La semana próxima se conmemora en todo el mundo el Día de
África, una efeméride, como siempre, cargada de simbolismo pero comprimida, al
parecer, en una sola jornada, la del 25 de mayo. Su origen coincide con el de
la creación de la Organización para la Unidad Africana, allá por el año 1963,
hace ahora exactamente medio siglo, una institución que pretendía promover el
panafricanismo, pero también la solidaridad entre los estados, la erradicación del
colonialismo y animar la cooperación internacional. No es pura casualidad que
el organismo sustituyera en esa época a la denominada Unión de Estados
Africanos ni cediera el testigo en 2002 a la vigente Unión Africana, una
sucesión de acrónimos similares que siempre pretendieron actuar como remedos de
todas las ligas regionales y supranacionales que se repiten a lo largo del
planeta, algunas con más fortuna que otras. Cincuenta años es un buen lapso, asimismo
pleno de referencias, para realizar inventario y recapitular sobre los avances
de un continente difuminado en sus raíces, culturas, etnias y lenguas, pero
marcado por unas fronteras artificiales originadas en la Conferencia de Berlín
de 1884, cuando las potencias europeas se repartieron sus territorios como en
una gran piñata de selvas, sabanas, grandes lagos, ríos, mares y sus
correspondientes poblaciones, hasta entonces desconocidas y solo vislumbradas a
través de hazañas de aventureros, como Burton, Livingston o Stanley, en torno
al Nilo y sus fuentes, financiadas por la entonces Gran Bretaña victoriana y su
Royal Geographical Society. Dicen que la también conocida como Disputa por
África estuvo en los orígenes de la Primera Guerra Mundial, quizás como
antesala de lo que después se convertiría en el aplastamiento del tercer mayor
continente y de sus habitantes, sobre todo subsaharianos, con secuelas que
llegan de forma nítida hasta el presente. En estas décadas hemos contemplado la
descolonización funcional de muchos estados que quedaron en manos de milicianos
formados por las metrópolis, suboficiales que repitieron los desmanes y saqueos
de las autoridades extranjeras, cuando no las ínfulas de superioridad que,
combinadas con los intereses de corto recorrido y el armamento dejado o vendido
por los antiguos conquistadores, se convirtieron en guerras fraticidas, masacres,
genocidios y éxodos masivos, como los de Ruanda y Burundi hace escasamente 20
años.
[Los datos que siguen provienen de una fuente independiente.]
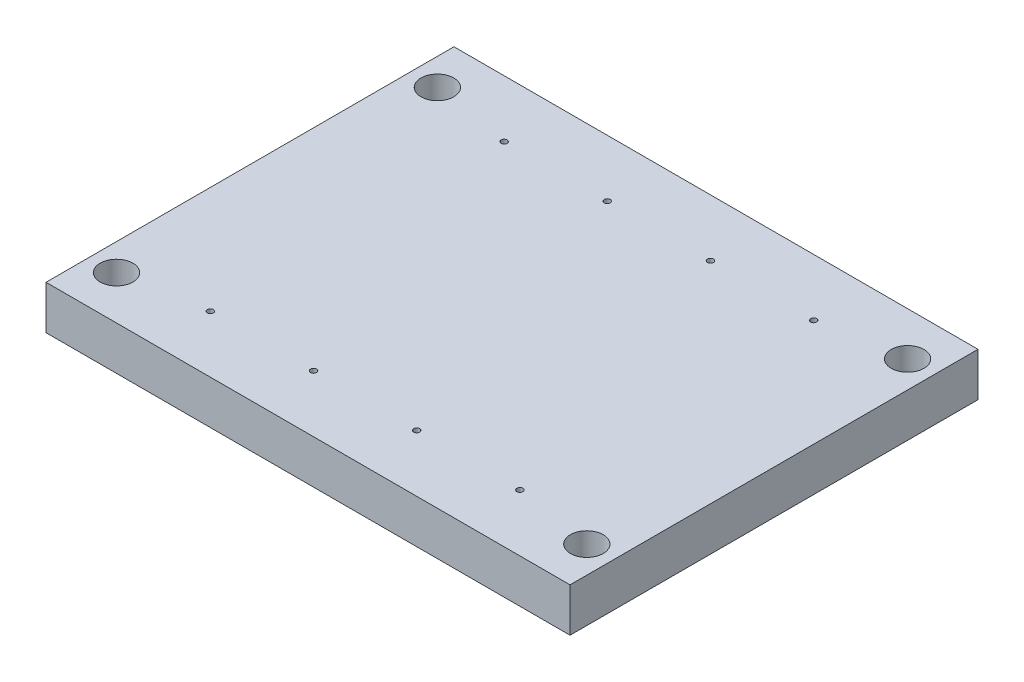
ISO-10303-21;
HEADER;
FILE_DESCRIPTION(('STEP AP214'),'2;1');
FILE_NAME('part.step','',(''),(''),'','','');
FILE_SCHEMA(('AUTOMOTIVE_DESIGN { 1 0 10303 214 1 1 1 1 }'));
ENDSEC;
DATA;
#1=APPLICATION_CONTEXT('core data for automotive mechanical design processes');
#2=APPLICATION_PROTOCOL_DEFINITION('international standard','automotive_design',2000,#1);
#3=PRODUCT_CONTEXT('',#1,'mechanical');
#4=PRODUCT('Part','Part','',(#3));
#5=PRODUCT_RELATED_PRODUCT_CATEGORY('part','',(#4));
#6=PRODUCT_DEFINITION_FORMATION('','',#4);
#7=PRODUCT_DEFINITION_CONTEXT('part definition',#1,'design');
#8=PRODUCT_DEFINITION('design','',#6,#7);
#9=PRODUCT_DEFINITION_SHAPE('','',#8);
#10=(LENGTH_UNIT() NAMED_UNIT(*) SI_UNIT(.MILLI.,.METRE.));
#11=(NAMED_UNIT(*) PLANE_ANGLE_UNIT() SI_UNIT($,.RADIAN.));
#12=(NAMED_UNIT(*) SI_UNIT($,.STERADIAN.) SOLID_ANGLE_UNIT());
#13=UNCERTAINTY_MEASURE_WITH_UNIT(LENGTH_MEASURE(1.E-05),#10,'distance_accuracy_value','');
#14=(GEOMETRIC_REPRESENTATION_CONTEXT(3) GLOBAL_UNCERTAINTY_ASSIGNED_CONTEXT((#13)) GLOBAL_UNIT_ASSIGNED_CONTEXT((#10,
#11,#12)) REPRESENTATION_CONTEXT('',''));
#15=CARTESIAN_POINT('',(0.,0.,0.));
#16=DIRECTION('',(0.,0.,1.));
#17=DIRECTION('',(1.,0.,0.));
#18=AXIS2_PLACEMENT_3D('',#15,#16,#17);
#19=CARTESIAN_POINT('',(0.,25.3999999999998,118.64219472189));
#20=DIRECTION('',(0.,0.,1.));
#21=DIRECTION('',(1.,0.,0.));
#22=AXIS2_PLACEMENT_3D('',#19,#20,#21);
#23=PLANE('',#22);
#24=DIRECTION('',(0.,1.,0.));
#25=VECTOR('',#24,1.);
#26=CARTESIAN_POINT('',(-37.9000000000013,25.3999999999998,118.64219472189));
#27=LINE('',#26,#25);
#28=CARTESIAN_POINT('',(-37.9000000000013,0.,118.64219472189));
#29=VERTEX_POINT('',#28);
#30=CARTESIAN_POINT('',(-37.9000000000013,25.3999999999998,118.64219472189));
#31=VERTEX_POINT('',#30);
#32=EDGE_CURVE('E79',#29,#31,#27,.T.);
#33=ORIENTED_EDGE('',*,*,#32,.F.);
#34=DIRECTION('',(-1.,0.,0.));
#35=VECTOR('',#34,1.);
#36=CARTESIAN_POINT('',(0.,0.,118.64219472189));
#37=LINE('',#36,#35);
#38=CARTESIAN_POINT('',(266.899999999999,0.,118.64219472189));
#39=VERTEX_POINT('',#38);
#40=EDGE_CURVE('E90',#39,#29,#37,.T.);
#41=ORIENTED_EDGE('',*,*,#40,.F.);
#42=DIRECTION('',(0.,-1.,0.));
#43=VECTOR('',#42,1.);
#44=CARTESIAN_POINT('',(266.899999999999,25.3999999999998,118.64219472189));
#45=LINE('',#44,#43);
#46=CARTESIAN_POINT('',(266.899999999999,25.3999999999998,118.64219472189));
#47=VERTEX_POINT('',#46);
#48=EDGE_CURVE('E61',#47,#39,#45,.T.);
#49=ORIENTED_EDGE('',*,*,#48,.F.);
#50=DIRECTION('',(-1.,0.,0.));
#51=VECTOR('',#50,1.);
#52=CARTESIAN_POINT('',(0.,25.3999999999998,118.64219472189));
#53=LINE('',#52,#51);
#54=EDGE_CURVE('E45',#47,#31,#53,.T.);
#55=ORIENTED_EDGE('',*,*,#54,.T.);
#56=EDGE_LOOP('',(#33,#41,#49,#55));
#57=FACE_BOUND('',#56,.T.);
#58=ADVANCED_FACE('F37',(#57),#23,.T.);
#59=CARTESIAN_POINT('',(0.,25.3999999999998,-118.64219472189));
#60=DIRECTION('',(0.,0.,-1.));
#61=DIRECTION('',(-1.,0.,0.));
#62=AXIS2_PLACEMENT_3D('',#59,#60,#61);
#63=PLANE('',#62);
#64=DIRECTION('',(0.,1.,0.));
#65=VECTOR('',#64,1.);
#66=CARTESIAN_POINT('',(-37.9000000000013,25.3999999999998,-118.64219472189));
#67=LINE('',#66,#65);
#68=CARTESIAN_POINT('',(-37.9000000000013,0.,-118.64219472189));
#69=VERTEX_POINT('',#68);
#70=CARTESIAN_POINT('',(-37.9000000000013,25.3999999999998,-118.64219472189));
#71=VERTEX_POINT('',#70);
#72=EDGE_CURVE('E53',#69,#71,#67,.T.);
#73=ORIENTED_EDGE('',*,*,#72,.T.);
#74=DIRECTION('',(1.,0.,0.));
#75=VECTOR('',#74,1.);
#76=CARTESIAN_POINT('',(0.,25.3999999999998,-118.64219472189));
#77=LINE('',#76,#75);
#78=CARTESIAN_POINT('',(266.899999999999,25.3999999999998,-118.64219472189));
#79=VERTEX_POINT('',#78);
#80=EDGE_CURVE('E11',#71,#79,#77,.T.);
#81=ORIENTED_EDGE('',*,*,#80,.T.);
#82=DIRECTION('',(0.,-1.,0.));
#83=VECTOR('',#82,1.);
#84=CARTESIAN_POINT('',(266.899999999999,25.3999999999998,-118.64219472189));
#85=LINE('',#84,#83);
#86=CARTESIAN_POINT('',(266.899999999999,0.,-118.64219472189));
#87=VERTEX_POINT('',#86);
#88=EDGE_CURVE('E173',#79,#87,#85,.T.);
#89=ORIENTED_EDGE('',*,*,#88,.T.);
#90=DIRECTION('',(1.,0.,0.));
#91=VECTOR('',#90,1.);
#92=CARTESIAN_POINT('',(0.,0.,-118.64219472189));
#93=LINE('',#92,#91);
#94=EDGE_CURVE('E40',#69,#87,#93,.T.);
#95=ORIENTED_EDGE('',*,*,#94,.F.);
#96=EDGE_LOOP('',(#73,#81,#89,#95));
#97=FACE_BOUND('',#96,.T.);
#98=ADVANCED_FACE('F179',(#97),#63,.T.);
#99=CARTESIAN_POINT('',(0.,25.3999999999998,0.));
#100=DIRECTION('',(0.,1.,0.));
#101=DIRECTION('',(0.,0.,1.));
#102=AXIS2_PLACEMENT_3D('',#99,#100,#101);
#103=PLANE('',#102);
#104=DIRECTION('',(0.,0.,1.));
#105=VECTOR('',#104,1.);
#106=CARTESIAN_POINT('',(-37.9000000000013,25.3999999999998,-118.64319472189));
#107=LINE('',#106,#105);
#108=EDGE_CURVE('E85',#71,#31,#107,.T.);
#109=ORIENTED_EDGE('',*,*,#108,.T.);
#110=ORIENTED_EDGE('',*,*,#54,.F.);
#111=DIRECTION('',(0.,0.,1.));
#112=VECTOR('',#111,1.);
#113=CARTESIAN_POINT('',(266.899999999999,25.3999999999998,-118.64319472189));
#114=LINE('',#113,#112);
#115=EDGE_CURVE('E169',#79,#47,#114,.T.);
#116=ORIENTED_EDGE('',*,*,#115,.F.);
#117=ORIENTED_EDGE('',*,*,#80,.F.);
#118=EDGE_LOOP('',(#109,#110,#116,#117));
#119=FACE_BOUND('',#118,.T.);
#120=CARTESIAN_POINT('',(-22.2546615007676,25.3999999999998,-93.3378052781097));
#121=DIRECTION('',(0.,1.,0.));
#122=DIRECTION('',(0.,0.,1.));
#123=AXIS2_PLACEMENT_3D('',#120,#121,#122);
#124=CIRCLE('',#123,9.525);
#125=CARTESIAN_POINT('',(-22.2546615007676,25.3999999999998,-83.8128052781097));
#126=VERTEX_POINT('',#125);
#127=EDGE_CURVE('E152',#126,#126,#124,.T.);
#128=ORIENTED_EDGE('',*,*,#127,.F.);
#129=EDGE_LOOP('',(#128));
#130=FACE_BOUND('',#129,.T.);
#131=CARTESIAN_POINT('',(251.254661500759,25.3999999999998,-93.3378052781097));
#132=DIRECTION('',(0.,1.,0.));
#133=DIRECTION('',(0.,0.,1.));
#134=AXIS2_PLACEMENT_3D('',#131,#132,#133);
#135=CIRCLE('',#134,9.52500000000002);
#136=CARTESIAN_POINT('',(251.254661500759,25.3999999999998,-83.8128052781097));
#137=VERTEX_POINT('',#136);
#138=EDGE_CURVE('E158',#137,#137,#135,.T.);
#139=ORIENTED_EDGE('',*,*,#138,.F.);
#140=EDGE_LOOP('',(#139));
#141=FACE_BOUND('',#140,.T.);
#142=CARTESIAN_POINT('',(251.254661500759,25.3999999999998,93.2421947218903));
#143=DIRECTION('',(0.,1.,0.));
#144=DIRECTION('',(0.,0.,1.));
#145=AXIS2_PLACEMENT_3D('',#142,#143,#144);
#146=CIRCLE('',#145,9.52500000000002);
#147=CARTESIAN_POINT('',(251.254661500759,25.3999999999998,102.76719472189));
#148=VERTEX_POINT('',#147);
#149=EDGE_CURVE('E164',#148,#148,#146,.T.);
#150=ORIENTED_EDGE('',*,*,#149,.F.);
#151=EDGE_LOOP('',(#150));
#152=FACE_BOUND('',#151,.T.);
#153=CARTESIAN_POINT('',(-22.2546615007676,25.3999999999998,93.2421947218903));
#154=DIRECTION('',(0.,1.,0.));
#155=DIRECTION('',(0.,0.,1.));
#156=AXIS2_PLACEMENT_3D('',#153,#154,#155);
#157=CIRCLE('',#156,9.525);
#158=CARTESIAN_POINT('',(-22.2546615007676,25.3999999999998,102.76719472189));
#159=VERTEX_POINT('',#158);
#160=EDGE_CURVE('E146',#159,#159,#157,.T.);
#161=ORIENTED_EDGE('',*,*,#160,.F.);
#162=EDGE_LOOP('',(#161));
#163=FACE_BOUND('',#162,.T.);
#164=CARTESIAN_POINT('',(24.4999999999974,25.3999999999998,85.4421947218903));
#165=DIRECTION('',(0.,1.,0.));
#166=DIRECTION('',(0.,0.,1.));
#167=AXIS2_PLACEMENT_3D('',#164,#165,#166);
#168=CIRCLE('',#167,1.75000000000001);
#169=CARTESIAN_POINT('',(24.4999999999974,25.3999999999998,87.1921947218903));
#170=VERTEX_POINT('',#169);
#171=EDGE_CURVE('E116',#170,#170,#168,.T.);
#172=ORIENTED_EDGE('',*,*,#171,.F.);
#173=EDGE_LOOP('',(#172));
#174=FACE_BOUND('',#173,.T.);
#175=CARTESIAN_POINT('',(204.499999999997,25.3999999999998,-85.4421947218902));
#176=DIRECTION('',(0.,1.,0.));
#177=DIRECTION('',(0.,0.,1.));
#178=AXIS2_PLACEMENT_3D('',#175,#176,#177);
#179=CIRCLE('',#178,1.75000000000001);
#180=CARTESIAN_POINT('',(204.499999999997,25.3999999999998,-83.6921947218902));
#181=VERTEX_POINT('',#180);
#182=EDGE_CURVE('E123',#181,#181,#179,.T.);
#183=ORIENTED_EDGE('',*,*,#182,.F.);
#184=EDGE_LOOP('',(#183));
#185=FACE_BOUND('',#184,.T.);
#186=CARTESIAN_POINT('',(144.499999999997,25.3999999999998,-85.4421947218902));
#187=DIRECTION('',(0.,1.,0.));
#188=DIRECTION('',(0.,0.,1.));
#189=AXIS2_PLACEMENT_3D('',#186,#187,#188);
#190=CIRCLE('',#189,1.75000000000001);
#191=CARTESIAN_POINT('',(144.499999999997,25.3999999999998,-83.6921947218902));
#192=VERTEX_POINT('',#191);
#193=EDGE_CURVE('E104',#192,#192,#190,.T.);
#194=ORIENTED_EDGE('',*,*,#193,.F.);
#195=EDGE_LOOP('',(#194));
#196=FACE_BOUND('',#195,.T.);
#197=CARTESIAN_POINT('',(84.4999999999974,25.3999999999998,-85.4421947218902));
#198=DIRECTION('',(0.,1.,0.));
#199=DIRECTION('',(0.,0.,1.));
#200=AXIS2_PLACEMENT_3D('',#197,#198,#199);
#201=CIRCLE('',#200,1.75);
#202=CARTESIAN_POINT('',(84.4999999999974,25.3999999999998,-83.6921947218902));
#203=VERTEX_POINT('',#202);
#204=EDGE_CURVE('E111',#203,#203,#201,.T.);
#205=ORIENTED_EDGE('',*,*,#204,.F.);
#206=EDGE_LOOP('',(#205));
#207=FACE_BOUND('',#206,.T.);
#208=CARTESIAN_POINT('',(84.4999999999974,25.3999999999998,85.4421947218903));
#209=DIRECTION('',(0.,1.,0.));
#210=DIRECTION('',(0.,0.,1.));
#211=AXIS2_PLACEMENT_3D('',#208,#209,#210);
#212=CIRCLE('',#211,1.75);
#213=CARTESIAN_POINT('',(84.4999999999974,25.3999999999998,87.1921947218903));
#214=VERTEX_POINT('',#213);
#215=EDGE_CURVE('E141',#214,#214,#212,.T.);
#216=ORIENTED_EDGE('',*,*,#215,.F.);
#217=EDGE_LOOP('',(#216));
#218=FACE_BOUND('',#217,.T.);
#219=CARTESIAN_POINT('',(144.499999999997,25.3999999999998,85.4421947218903));
#220=DIRECTION('',(0.,1.,0.));
#221=DIRECTION('',(0.,0.,1.));
#222=AXIS2_PLACEMENT_3D('',#219,#220,#221);
#223=CIRCLE('',#222,1.75000000000001);
#224=CARTESIAN_POINT('',(144.499999999997,25.3999999999998,87.1921947218903));
#225=VERTEX_POINT('',#224);
#226=EDGE_CURVE('E135',#225,#225,#223,.T.);
#227=ORIENTED_EDGE('',*,*,#226,.F.);
#228=EDGE_LOOP('',(#227));
#229=FACE_BOUND('',#228,.T.);
#230=CARTESIAN_POINT('',(204.499999999997,25.3999999999998,85.4421947218903));
#231=DIRECTION('',(0.,1.,0.));
#232=DIRECTION('',(0.,0.,1.));
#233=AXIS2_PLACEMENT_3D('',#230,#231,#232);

No obstante, el veneno sigue en el fondo de las ciénagas y ocasionalmente
incendia la convivencia de unas comunidades que reverencian el arraigo, la
familia, el grupo y la naturaleza como sus mayores avales de esperanza, un
capital humano metalizado como antítesis del sueño de la paz.
Buteflika
La reciente hospitalización del presidente de Argelia,
Abdelaziz Buteflika, de 76 años, en París ha reavivado el debate sobre su legado
y también sobre las opciones que se abren para el país si queda inhabilitado
finalmente para ejercer el cargo por más tiempo. Su afección, un accidente cerebrovascular, es grave y, aunque su entorno trata de restarle importancia,
se suma a la pérdida de popularidad por los escándalos de corrupción que le han
salpicado en sus dos últimos mandatos. Habría que recordar que este político,
que procede del ejército, luchó en la guerra de la independencia de Franciaentre 1954 y 1962 y llegó al poder en 1999, después de posiblemente una de las
épocas más convulsas de esta nación árabe, la larga guerra civil seguida de una
década de batallas contra el islamismo fundamentalista que dejó más de 200.000
muertos entre ambos bandos. El recuerdo de los atentados en la Cabilia y otras
regiones argelinas esculpieron el desánimo de unos ciudadanos que saludaron con
alivio el nombramiento de un civil, como era entonces Buteflika, que emergía
asimismo alumbrado por su paso por la ONU, donde desempeñó la presidencia de su
Asamblea General en 1974. Además, su rastro es permanente porque antes había
sido ministro con el primer jefe del estado, Ben Bella, al que contribuyó a
derrocar a través de un golpe encabezado por el histórico coronel HuariBumedián, con quien volvió al nuevo gobierno surgido de la rebelión, y repitió
con Chadli Bendjedid en 1979, pero esta vez con escasas atribuciones ejecutivas.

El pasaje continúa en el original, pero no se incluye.